College ban on ‘verbal forms of aggression … harassment, ridicule or intimidation’ is unconstitutionally vague, magistrate judge says

College ban on ‘verbal forms of aggression … harassment, ridicule or intimidation’ is unconstitutionally vague, magistrate judge says

Yesterday, a federal magistrate judge in Fresno, California, recommended that an injunction be issued against a community college policy banning “verbal forms of aggression …. harassment, ridicule or intimidation.” He concluded that the ban was unconstitutionally vague, in the Report and Recommendations he issued:

BP 3050 serves as the [Kern Community College] District’s policy on “Institutional Code of Ethics.” BP 3050 provides that “all associates in the District, faculty, students, management, classified staff, and trustees, as well as volunteers and vendors, each bear personal responsibility for their own ethical behavior and for the ethical statute of our organization.” BP 3050 requires “that [the community] conduct [itself] with civility in all circumstances of [their] professional lives” and does “not participate in or accept, condone, or tolerate physical or verbal forms of aggression, threat, harassment, ridicule, or intimidation.” BP 3050 states it values a spirit of free inquiry and free speech and “encourages the expression of a range of points of view, but [expects] all expressions of content to be conducted in a manner respectful of persons.” …

The Undersigned finds the term “verbal forms of aggression … harassment, ridicule or intimidation” has a likelihood of being impermissibly vague. The term lacks a commonly understood meaning and creates a policy that is broader than the civility policies District Defendants allege are similar.

What may be considered “verbal forms of aggression” can “[vary] from speaker to speaker, and listener to listener.” This ambiguity invites the District to engage in viewpoint discrimination over what speech may constitute “verbal forms of aggression.” See [record citation] (Plaintiff [history professor] was investigated for reposting [a colleague’s] post on RIFL’s Facebook page and adding “Here’s what one critical race theorist at BC sounds like. Do you agree with this radical SJW from BC’s English Department? Thoughts?”); compare [record citation] (Plaintiff alleges “[n]one of the members of the Board of Trustees disavowed Corkins’ call” that “RIFL faculty are ‘in that five percent we have to continue to cull. Got them in my livestock operation and that’s why we put a rope on some of them and take them to the slaughterhouse'”). [RIFL is a faculty organization, the Renegade Institute for Liberty.]

The recommendation was issued by Magistrate Judge Christopher Baker in Johnson v.

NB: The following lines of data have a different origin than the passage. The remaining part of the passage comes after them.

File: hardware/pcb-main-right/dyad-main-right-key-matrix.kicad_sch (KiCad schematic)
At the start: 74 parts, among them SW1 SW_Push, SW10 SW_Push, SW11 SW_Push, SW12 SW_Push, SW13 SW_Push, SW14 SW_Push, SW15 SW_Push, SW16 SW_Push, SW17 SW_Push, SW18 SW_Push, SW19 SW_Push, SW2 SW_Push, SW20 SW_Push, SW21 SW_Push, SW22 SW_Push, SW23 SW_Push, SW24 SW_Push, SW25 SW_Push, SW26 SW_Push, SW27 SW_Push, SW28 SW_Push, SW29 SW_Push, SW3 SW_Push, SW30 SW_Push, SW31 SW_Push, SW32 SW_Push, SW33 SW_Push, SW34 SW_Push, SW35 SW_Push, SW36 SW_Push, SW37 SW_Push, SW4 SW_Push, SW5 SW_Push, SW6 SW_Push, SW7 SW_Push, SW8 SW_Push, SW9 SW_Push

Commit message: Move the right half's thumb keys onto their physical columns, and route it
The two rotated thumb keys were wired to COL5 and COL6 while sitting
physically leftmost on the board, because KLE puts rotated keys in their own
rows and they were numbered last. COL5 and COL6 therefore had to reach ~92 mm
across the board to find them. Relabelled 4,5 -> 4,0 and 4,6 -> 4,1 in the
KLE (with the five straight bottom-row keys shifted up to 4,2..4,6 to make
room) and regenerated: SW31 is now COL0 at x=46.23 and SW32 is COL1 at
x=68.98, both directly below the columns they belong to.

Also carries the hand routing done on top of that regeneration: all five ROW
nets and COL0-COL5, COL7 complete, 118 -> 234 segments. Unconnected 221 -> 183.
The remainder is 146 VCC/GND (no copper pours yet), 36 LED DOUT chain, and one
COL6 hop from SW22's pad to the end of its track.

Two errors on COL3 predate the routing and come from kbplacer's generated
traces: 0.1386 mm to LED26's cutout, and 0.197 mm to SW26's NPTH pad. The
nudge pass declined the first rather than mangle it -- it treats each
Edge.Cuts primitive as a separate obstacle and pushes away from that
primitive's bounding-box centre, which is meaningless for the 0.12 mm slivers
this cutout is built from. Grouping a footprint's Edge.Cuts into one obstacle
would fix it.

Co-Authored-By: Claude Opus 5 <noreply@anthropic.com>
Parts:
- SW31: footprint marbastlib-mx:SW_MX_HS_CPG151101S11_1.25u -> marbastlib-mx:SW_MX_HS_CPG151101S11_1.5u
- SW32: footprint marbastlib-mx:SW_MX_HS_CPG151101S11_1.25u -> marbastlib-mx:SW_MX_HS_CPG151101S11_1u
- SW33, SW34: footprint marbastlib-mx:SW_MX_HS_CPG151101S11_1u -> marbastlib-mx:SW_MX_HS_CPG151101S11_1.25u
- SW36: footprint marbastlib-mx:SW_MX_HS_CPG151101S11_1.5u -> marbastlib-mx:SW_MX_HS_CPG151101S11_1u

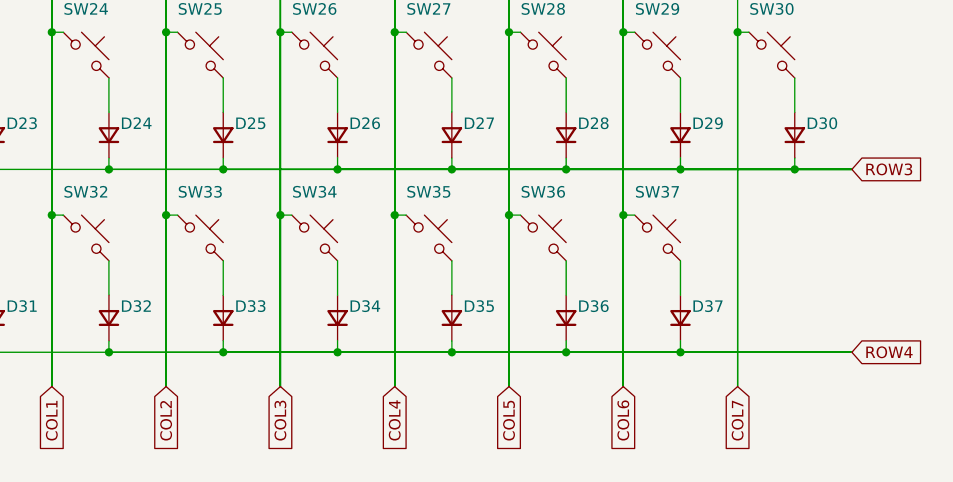
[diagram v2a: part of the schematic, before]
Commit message: Pour GND and VCC from the generator, and write down what stays manual
_add_power_pours() fills one rail per layer over the real board outline,
taken from KiCad's own outline extraction rather than reassembling the 25
Edge.Cuts segments. Pads connect solid rather than through thermal reliefs:
everything here is reflow SMD, so thermal relief buys nothing and costs the
LED rail current capacity. It also sidesteps the starved_thermal class of
error entirely.

GND goes on B.Cu, the component side. Every GND pad on these boards is
B.Cu-only, so the pour reaches all of them with no vias, and each LED's
decoupling loop to its own capacitor stays local copper rather than going
pad -> via -> plane -> via -> pad. Result: GND unconnected 0 on both halves.

VCC takes F.Cu, which carries only column traces and so gives a continuous
plane for spreading ~2 A across the LEDs. It cannot reach its pads without a
via each, and those are being added by hand -- documented rather than
generated, since via placement wants judgement about the LED/cap pairs.

  main-left    GND 12918 mm2   VCC 13646 mm2
  main-right   GND 14088 mm2   VCC 14924 mm2

Both halves regenerated, which also applies the pending bottom-row column
remap from 9b392c8. That resolved the two COL3 errors on the right -- the
0.1386 mm to LED26's cutout and 0.197 mm to SW26's NPTH pad both came from
routing that no longer exists. Every remaining error on both halves is now a
deliberate D/SW courtyard overlap.

docs/MANUAL_TASKS.md records the four things the generator cannot do: the VCC
vias, routing the rows and columns, the LED serpentine chain, and the
cosmetic silkscreen work. It carries the post-regeneration baseline numbers so
an anomaly is distinguishable from a known gap, and a "do not fix" section for
the courtyard overlaps and the 2.25u width fallback, both of which have now
been investigated twice.

Co-Authored-By: Claude Opus 5 <noreply@anthropic.com>
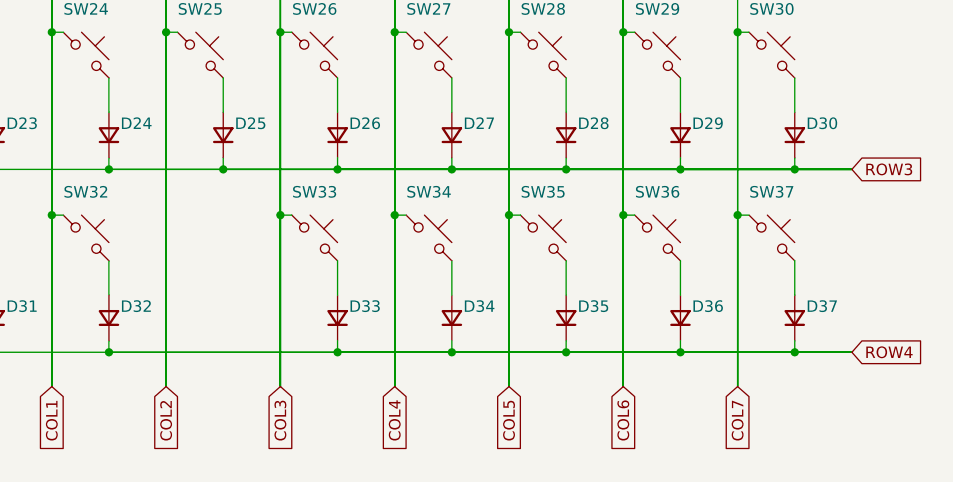
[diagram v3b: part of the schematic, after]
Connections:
- net COL2: no longer SW33.1
- net COL3: now also SW33.1; no longer SW34.1
- net COL4: now also SW34.1; no longer SW35.1
- net COL5: now also SW35.1; no longer SW36.1
- net COL6: now also SW36.1; no longer SW37.1
- net COL7: now also SW37.1

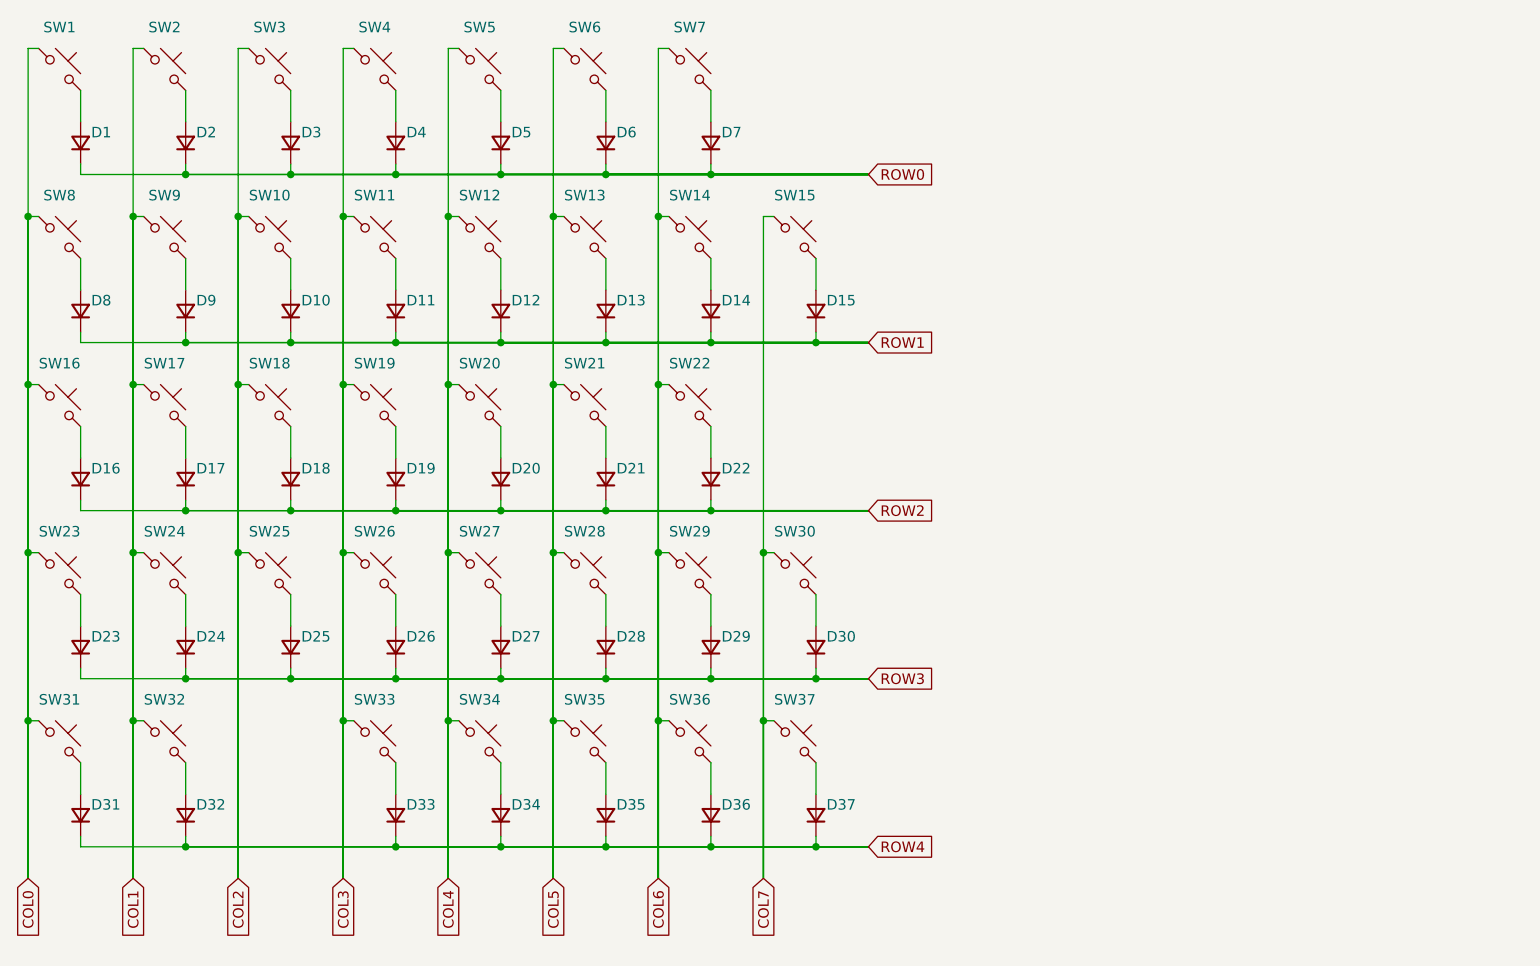
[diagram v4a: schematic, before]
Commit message: Restore the hand-drawn serpentine LED chain for the right half
I regenerated the right half without checking whether its schematics held
work that was not yet committed, and overwrote a hand-laid serpentine LED
chain. Recovered from hardware/pcb-main-right/.history, KiCad's own version
history repo, at its "SCH Save" commit a7ba379 (2026-09-15 12:59).

The led-chain sheet is byte-identical to that save: 74 symbols, 16 of them
rotated 180 degrees for the alternating rows, with every symbol repositioned
into serpentine order. All 272 wires differ from the generated version, so
this was a full re-layout rather than a rewire.

That history commit happens to postdate 2826d7a, so the bottom-row column
remap and both copper pours came back with it. The only thing missing was
the footprint linking from 2acfb55, re-applied here by calling
_link_footprints_to_symbols directly -- no kbplacer run, so nothing was
regenerated. 148/148 footprints linked.

The board still carries the old sequential chain, which is what the 31
parity findings say:

  Pad net (Net-(LEDn-DOUT)) doesn't match net given by schematic
  (Net-(LEDn-DIN))

That is the serpentine waiting to be pushed with Update PCB from Schematic,
which the footprint links now make possible. The 7 clearance and 7
solder_mask_bridge errors come from the same divergence and should go with it.

Co-Authored-By: Claude Opus 5 <noreply@anthropic.com>
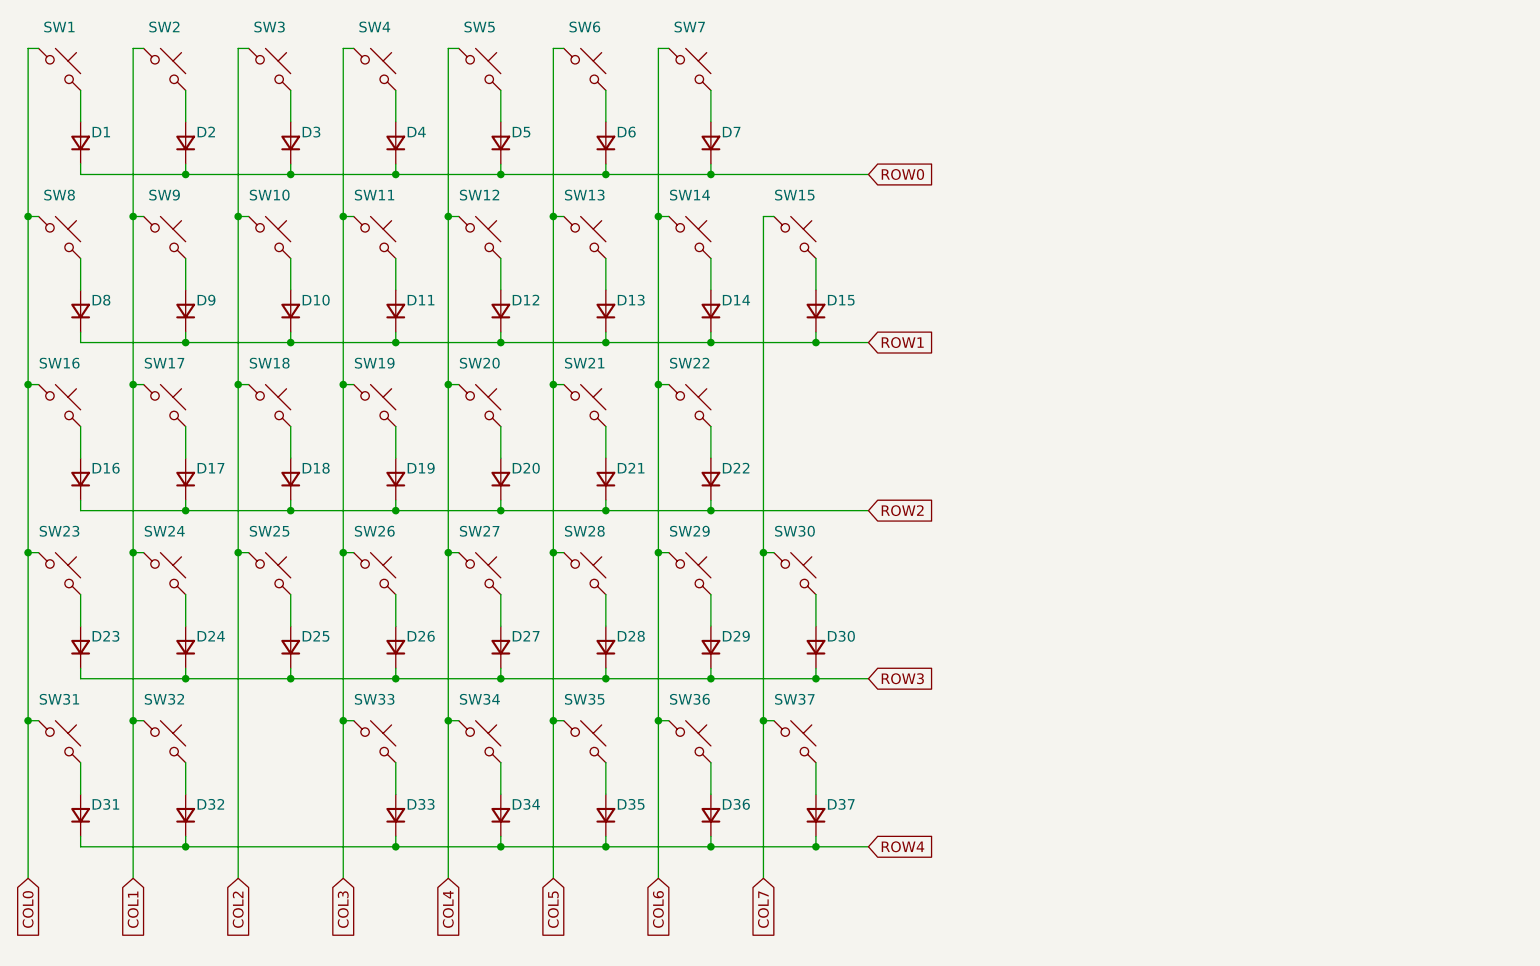
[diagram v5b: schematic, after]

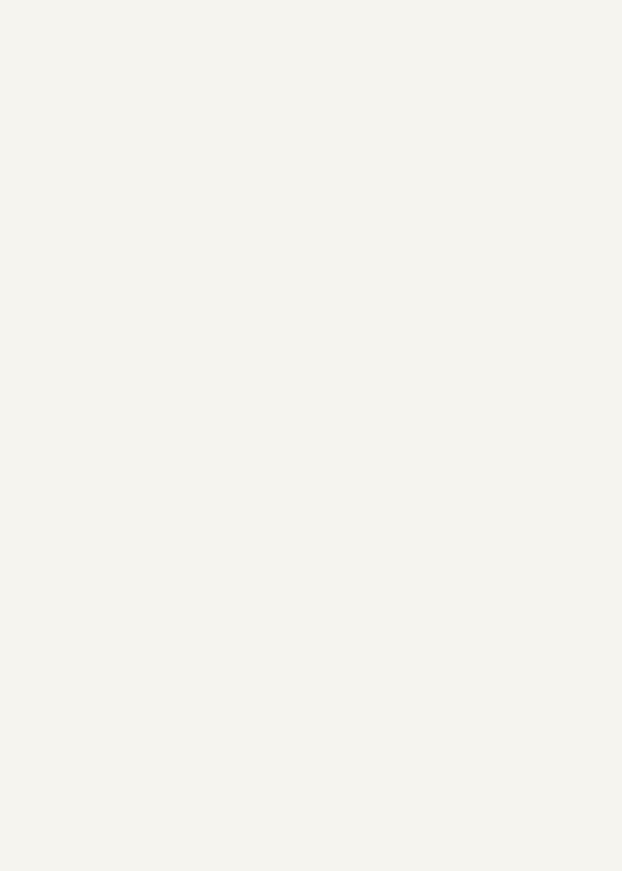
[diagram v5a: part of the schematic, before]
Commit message: Add the 20-pin FFC connector to the right half's schematic
J1 in the key-matrix sheet, Connector_Generic:Conn_01x20 against the
C19273932 footprint, with all 20 lines wired. The board can now reach the
controller as drawn.

  1,2   VCC (5 V)      11-18  COL0-7
  3,5   GND            19     +3V3
  4     LEDIN          20     HAND -> GND
  6-10  ROW4..ROW0

Rows descend where columns ascend: ascending rows forced the five row
traces to cross each other on the way to the connector. Nothing specified
the order, so this is now the order the controller and the left half must
both match.

LEDIN sits at pin 4 between the two GNDs. It is the only fast edge on the
cable and PLAN.md asks for ground returns between signals; the GNDs are the
RGB return anyway, so straddling pin 4 with them is free shielding. HAND is
pin 20 beside +3V3 at 19, which makes the left half's tie two adjacent pins
while the right half's tie is a via into the existing GND pour.

This also brings handedness and 3V3 onto the board for the first time --
the mains carried only VCC and GND. Each rail gets a PWR_FLAG, since power
arrives through a connector's passive pins.

ERC errors 3 -> 0: both power_pin_not_driven and the pin_not_driven on
LED1 DIN clear, and LEDIN is no longer an isolated label. The remaining
LEDOUT warning is correct by spec -- the chain end does not leave the board.
The 126 endpoint_off_grid warnings are untouched, which confirms every
added item is on-grid.

Co-Authored-By: Claude Opus 5 <noreply@anthropic.com>
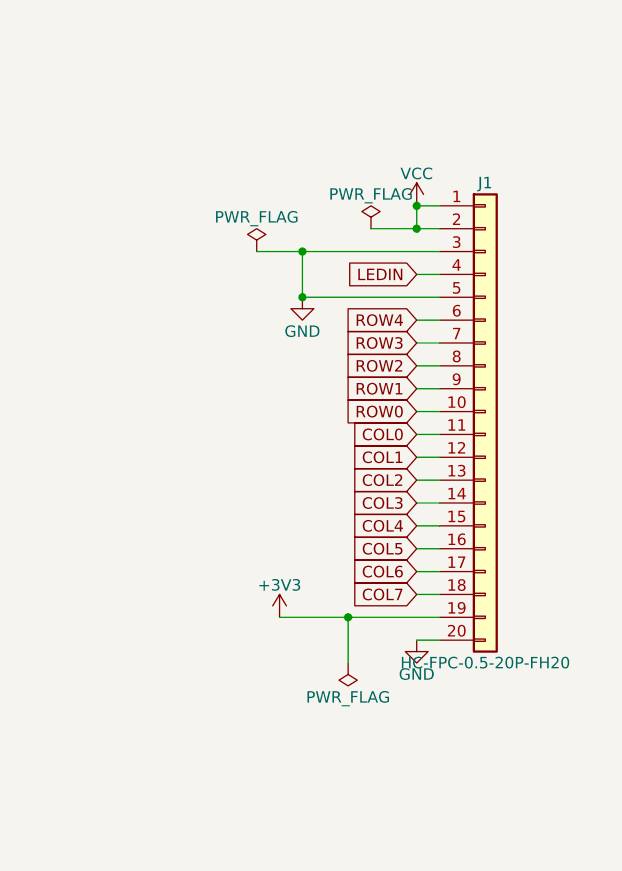
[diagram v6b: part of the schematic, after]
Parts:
- added J1: HC-FPC-0.5-20P-FH20, dyad:FPC-SMD_20P-P0.50_HC-FPC-0.5-20P-FH20, symbol Connector_Generic:Conn_01x20
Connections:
- net COL0: now also J1.11 (Pin_11)
- net COL1: now also J1.12 (Pin_12)
- net COL2: now also J1.13 (Pin_13)
- net COL3: now also J1.14 (Pin_14)
- net COL4: now also J1.15 (Pin_15)
- net COL5: now also J1.16 (Pin_16)
- net COL6: now also J1.17 (Pin_17)
- net COL7: now also J1.18 (Pin_18)
- net ROW0: now also J1.10 (Pin_10)
- net ROW1: now also J1.9 (Pin_9)
- net ROW2: now also J1.8 (Pin_8)
- net ROW3: now also J1.7 (Pin_7)
- net ROW4: now also J1.6 (Pin_6)
- new net +3V3: J1.19 (Pin_19)
- new net GND: J1.20 (Pin_20), J1.3 (Pin_3), J1.5 (Pin_5)
- new net LEDIN: J1.4 (Pin_4)
- new net VCC: J1.1 (Pin_1), J1.2 (Pin_2)

Watkin, a lawsuit brought by Professor Daymon Johnson.

The recommendation will now be considered by a regular United States District Court Judge, who has more power than a magistrate judge. District Judges usually adopt the recommendations of magistrate judges, but not always. They don’t have to.

Magistrate judges only have the power to issue recommendations as to important rulings. They can’t issue the most important court rulings in a case (like about who wins a lawsuit or who gets an injunction) unless all parties to the case consent to that. They can only issue less important rulings (like whether you have to respond to a subpoena or show up for a deposition). But the most important rulings, like who wins a lawsuit, have to be issued by a regular judge (one appointed by the President and confirmed by the Senate), not a magistrate judge (who is appointed by other judges). The magistrate judge can only issue a recommendation to a regular judge about who should win a lawsuit or get an injunction, he cannot himself declare who won or impose an injunction himself.